Adventure in Pt Arena

Pt Arena.



        When I pulled into Pt. Arena an 8 ft set of nearly perfect waves were just rolling in one right after the other. A surfer who I found out later was none other than Michael Fair once close friend of mine, caught a nice one on the south side of the pier and rode it all the way in, classic, there were 25 or 30 boats on moorings outside the pier and a crowd of people on the shore . Surfers and divers. The divers not working because of the huge swell. Some people think underwater would not be affected, but trust me it is. Though if you can find the right kind of bottom, and the urchins in the right place you could work it, but you will be thrown around some, hopefully in the right places.
       I was in my 65 International pick-up with my Alaskan camper in the bed, stocked with food, propane, gasoline and all my dive gear. I got word that it was going off here, so I needed to find a boat.
       Now Pt Arena was a one horse town along the north coast of California, Nothing much going on except logging and fishing, long since past the heyday of those industries. Marijuana growing was big, but not legal. The local young people wanted to get out of town as soon as possible, except now the place was inundated with young southern California divers with lots of money to spend, and they did. The urchin fishery gave that town a big shot in the arm economically.  That little town sure needed it.

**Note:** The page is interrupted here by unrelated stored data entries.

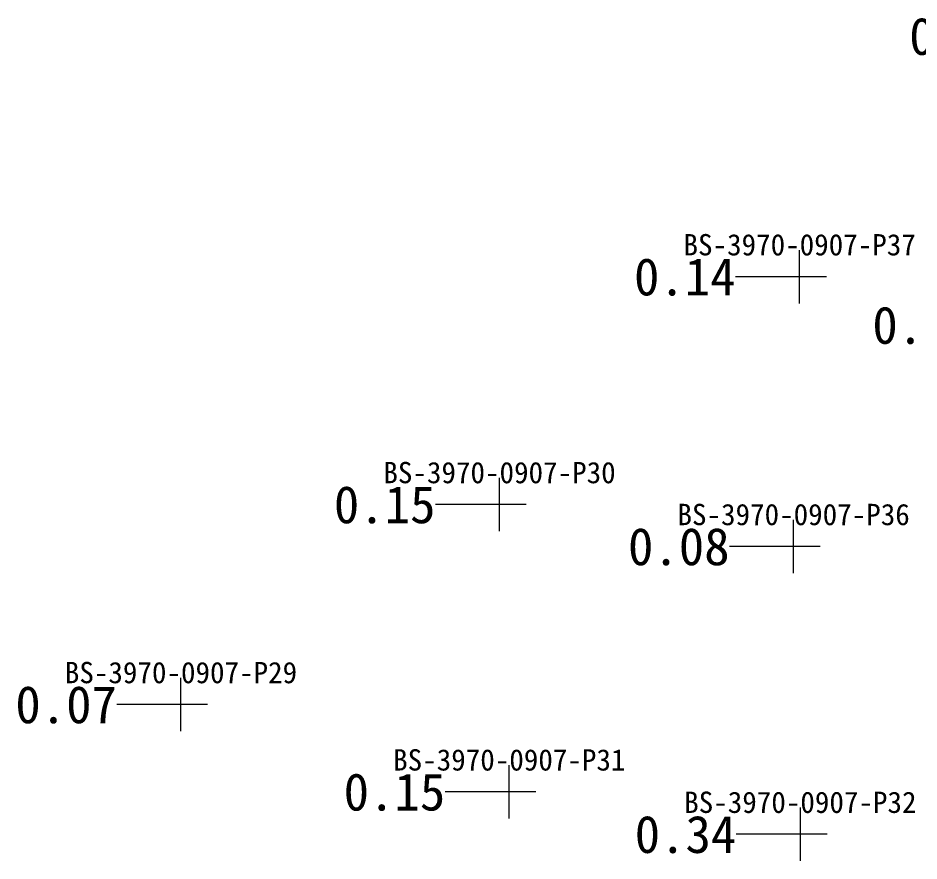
# Model space of a CAD drawing. Header units: inches. Extents: x 469931.6 to 470004.9, y 4349718.4 to 4349790.6.
# Drawn here: x 469951.9 to 469968.78, y 4349751.27 to 4349767.07 of the extents above; entities that cross this region are included whole.
import ezdxf
from ezdxf.enums import TextEntityAlignment as Align

# ---------------------------------------------------------------- set-up
doc = ezdxf.new("R2010")
doc.units = ezdxf.units.IN
doc.header["$MEASUREMENT"] = 0
for name, color, linetype, lineweight in [('孔口文字', 7, 'Continuous', 0), ('点', 7, 'Continuous', 0), ('线条', 7, 'Continuous', 0), ('钻孔', 7, 'Continuous', 0)]:
    doc.layers.add(name, color=color, linetype=linetype, lineweight=lineweight)
doc.styles.add('3dmine_textStyle_3', font='simsunb.ttf', dxfattribs={"height": 1})

msp = doc.modelspace()

# ---------------------------------------------------------------- hatches: boundary and pattern name
at = {"layer": '钻孔', "linetype": 'Continuous', "lineweight": 0, "true_color": 0x808080, "extrusion": (0, 1, 0)}
for points in [[(-469967.545, 3960.011), (-469966.545, 3960.011), (-469966.545, 3972.011), (-469967.545, 3972.011)], [(-469961.92, 3960.07), (-469960.92, 3960.07), (-469960.92, 3972.07), (-469961.92, 3972.07)], [(-469967.432, 3959.881), (-469966.432, 3959.881), (-469966.432, 3971.881), (-469967.432, 3971.881)], [(-469955.95, 3959.831), (-469954.95, 3959.831), (-469954.95, 3971.831), (-469955.95, 3971.831)], [(-469962.103, 3959.932), (-469961.103, 3959.932), (-469961.103, 3971.932), (-469962.103, 3971.932)], [(-469967.558, 3959.751), (-469966.558, 3959.751), (-469966.558, 3971.751), (-469967.558, 3971.751)]]:
    msp.add_hatch(color=8, dxfattribs=at).paths.add_polyline_path(points, flags=0)

# ---------------------------------------------------------------- linework, layer by layer
at = {"layer": '点', "color": 138, "linetype": 'Continuous', "lineweight": 0, "true_color": 0x004c4c}
for points, elevation in [([(469966.545, 4349761.721), (469966.545, 4349762.721)], 3972.011), ([(469967.045, 4349762.221), (469966.045, 4349762.221)], 3972.011), ([(469960.92, 4349757.45), (469960.92, 4349758.45)], 3972.07), ([(469961.42, 4349757.95), (469960.42, 4349757.95)], 3972.07), ([(469966.432, 4349756.664), (469966.432, 4349757.664)], 3971.881), ([(469966.932, 4349757.164), (469965.932, 4349757.164)], 3971.881), ([(469954.95, 4349753.701), (469954.95, 4349754.701)], 3971.831), ([(469955.45, 4349754.201), (469954.45, 4349754.201)], 3971.831), ([(469961.103, 4349752.064), (469961.103, 4349753.064)], 3971.932), ([(469961.603, 4349752.564), (469960.603, 4349752.564)], 3971.932), ([(469966.558, 4349751.269), (469966.558, 4349752.269)], 3971.751), ([(469967.058, 4349751.769), (469966.058, 4349751.769)], 3971.751)]:
    msp.add_lwpolyline(points, dxfattribs=dict(at, elevation=elevation))
at = {"layer": '线条', "color": 138, "linetype": 'Continuous', "lineweight": 0, "true_color": 0x004c4c}
for points, elevation in [([(469966.545, 4349762.221), (469966.545, 4349762.221), (469966.545, 4349762.221)], 3972.011), ([(469960.92, 4349757.95), (469960.92, 4349757.95), (469960.92, 4349757.95)], 3972.07), ([(469966.432, 4349757.164), (469966.432, 4349757.164), (469966.432, 4349757.164)], 3971.881), ([(469954.95, 4349754.201), (469954.95, 4349754.201), (469954.95, 4349754.201)], 3971.831), ([(469961.103, 4349752.564), (469961.103, 4349752.564), (469961.103, 4349752.564)], 3971.932), ([(469966.558, 4349751.769), (469966.558, 4349751.769), (469966.558, 4349751.769)], 3971.751)]:
    msp.add_lwpolyline(points, dxfattribs=dict(at, elevation=elevation))
at = {"layer": '钻孔', "color": 8, "linetype": 'Continuous', "lineweight": 0, "true_color": 0x808080}
for points, elevation in [([(469966.545, 4349762.221), (469965.345, 4349762.221)], 3972.011), ([(469966.545, 4349762.221), (469965.345, 4349762.221)], 3960.011), ([(469960.92, 4349757.95), (469959.72, 4349757.95)], 3972.07), ([(469960.92, 4349757.95), (469959.72, 4349757.95)], 3960.07), ([(469966.432, 4349757.164), (469965.232, 4349757.164)], 3971.881), ([(469966.432, 4349757.164), (469965.232, 4349757.164)], 3959.881), ([(469954.95, 4349754.201), (469953.75, 4349754.201)], 3971.831), ([(469954.95, 4349754.201), (469953.75, 4349754.201)], 3959.831), ([(469961.103, 4349752.564), (469959.903, 4349752.564)], 3971.932), ([(469961.103, 4349752.564), (469959.903, 4349752.564)], 3959.932), ([(469966.558, 4349751.769), (469965.358, 4349751.769)], 3971.751), ([(469966.558, 4349751.769), (469965.358, 4349751.769)], 3959.751)]:
    msp.add_lwpolyline(points, dxfattribs=dict(at, elevation=elevation))

# ---------------------------------------------------------------- texts
at = {"layer": '孔口文字', "color": 138, "linetype": 'Continuous', "lineweight": 0, "true_color": 0x004c4c, "style": '3dmine_textStyle_3'}
for s, p in [('BS-3970-0907-P37', (469966.545, 4349762.621, 3972.011)), ('BS-3970-0907-P30', (469960.92, 4349758.35, 3972.07)), ('BS-3970-0907-P36', (469966.432, 4349757.564, 3971.881)), ('BS-3970-0907-P29', (469954.95, 4349754.601, 3971.831)), ('BS-3970-0907-P31', (469961.103, 4349752.964, 3971.932)), ('BS-3970-0907-P32', (469966.558, 4349752.169, 3971.751))]:
    msp.add_text(s, height=0.4, dxfattribs=at).set_placement(p, align=Align.CENTER)
at = {"layer": '钻孔', "color": 8, "linetype": 'Continuous', "lineweight": 0, "true_color": 0x808080, "style": '3dmine_textStyle_3'}
for s, p in [('0.04', (469970.503, 4349766.73, 3972.136)), ('0.14', (469965.345, 4349762.221, 3972.011)), ('0.18', (469969.812, 4349761.314, 3971.928)), ('0.15', (469959.72, 4349757.95, 3972.07)), ('0.08', (469965.232, 4349757.164, 3971.881)), ('0.07', (469953.75, 4349754.201, 3971.831)), ('0.15', (469959.903, 4349752.564, 3971.932)), ('0.34', (469965.358, 4349751.769, 3971.751))]:
    msp.add_text(s, height=0.7, dxfattribs=at).set_placement(p, align=Align.MIDDLE_RIGHT)

doc.saveas('drawing.dxf')

       In a day or two the swell came down and the fleet was underway. That night there were 5 tractor trailer refrigerated lined up on the pier, awaiting to load the urchins. As many as 5 to 10 boats waiting, impatient divers and tempers, bags swinging boats clanging ,divers jumping to the ladders and spectators. There were even groupies ...well sort of that's what some of us called them. The local girls hanging out giddy with excitement at all the activity suddenly going on in there boring little town
       I was trying to hustle a boat, I found one right away. The vessel looked OK from a distance out on the mooring, but as I realized this old wooden sinker was not what I had in mind. I picked 1 bag and I was not about to contribute any more weight to this operation. I ended up on the Reefer Star a boat I was familiar with from Channel Islands, and I knew the skipper well, Mike Moore was a good skipper and I made a few trips..but I guess he overbooked and I was kinda bumped off. Well Mike apologized to me, and that was kool.
So I targeted Vince Pulio on the Sea Breeze. Vince said sure, he had Franco but he could work all of us. Well the following day Vince reluctantly told me that Franco was so upset about me joining the crew, that he threatened to quit. He explained that Franco had been with him a long time, blah blah blah. I was livid with anger at Franco and when I saw him, I confronted him..calling every name I could think of and I flicked my cigarette at him. He did not like me anyway, and being on the boat was threatening his position. He did not take the bait and walked away, but I insulted, and disrespected him in front of everybody. I know he was embarrassed.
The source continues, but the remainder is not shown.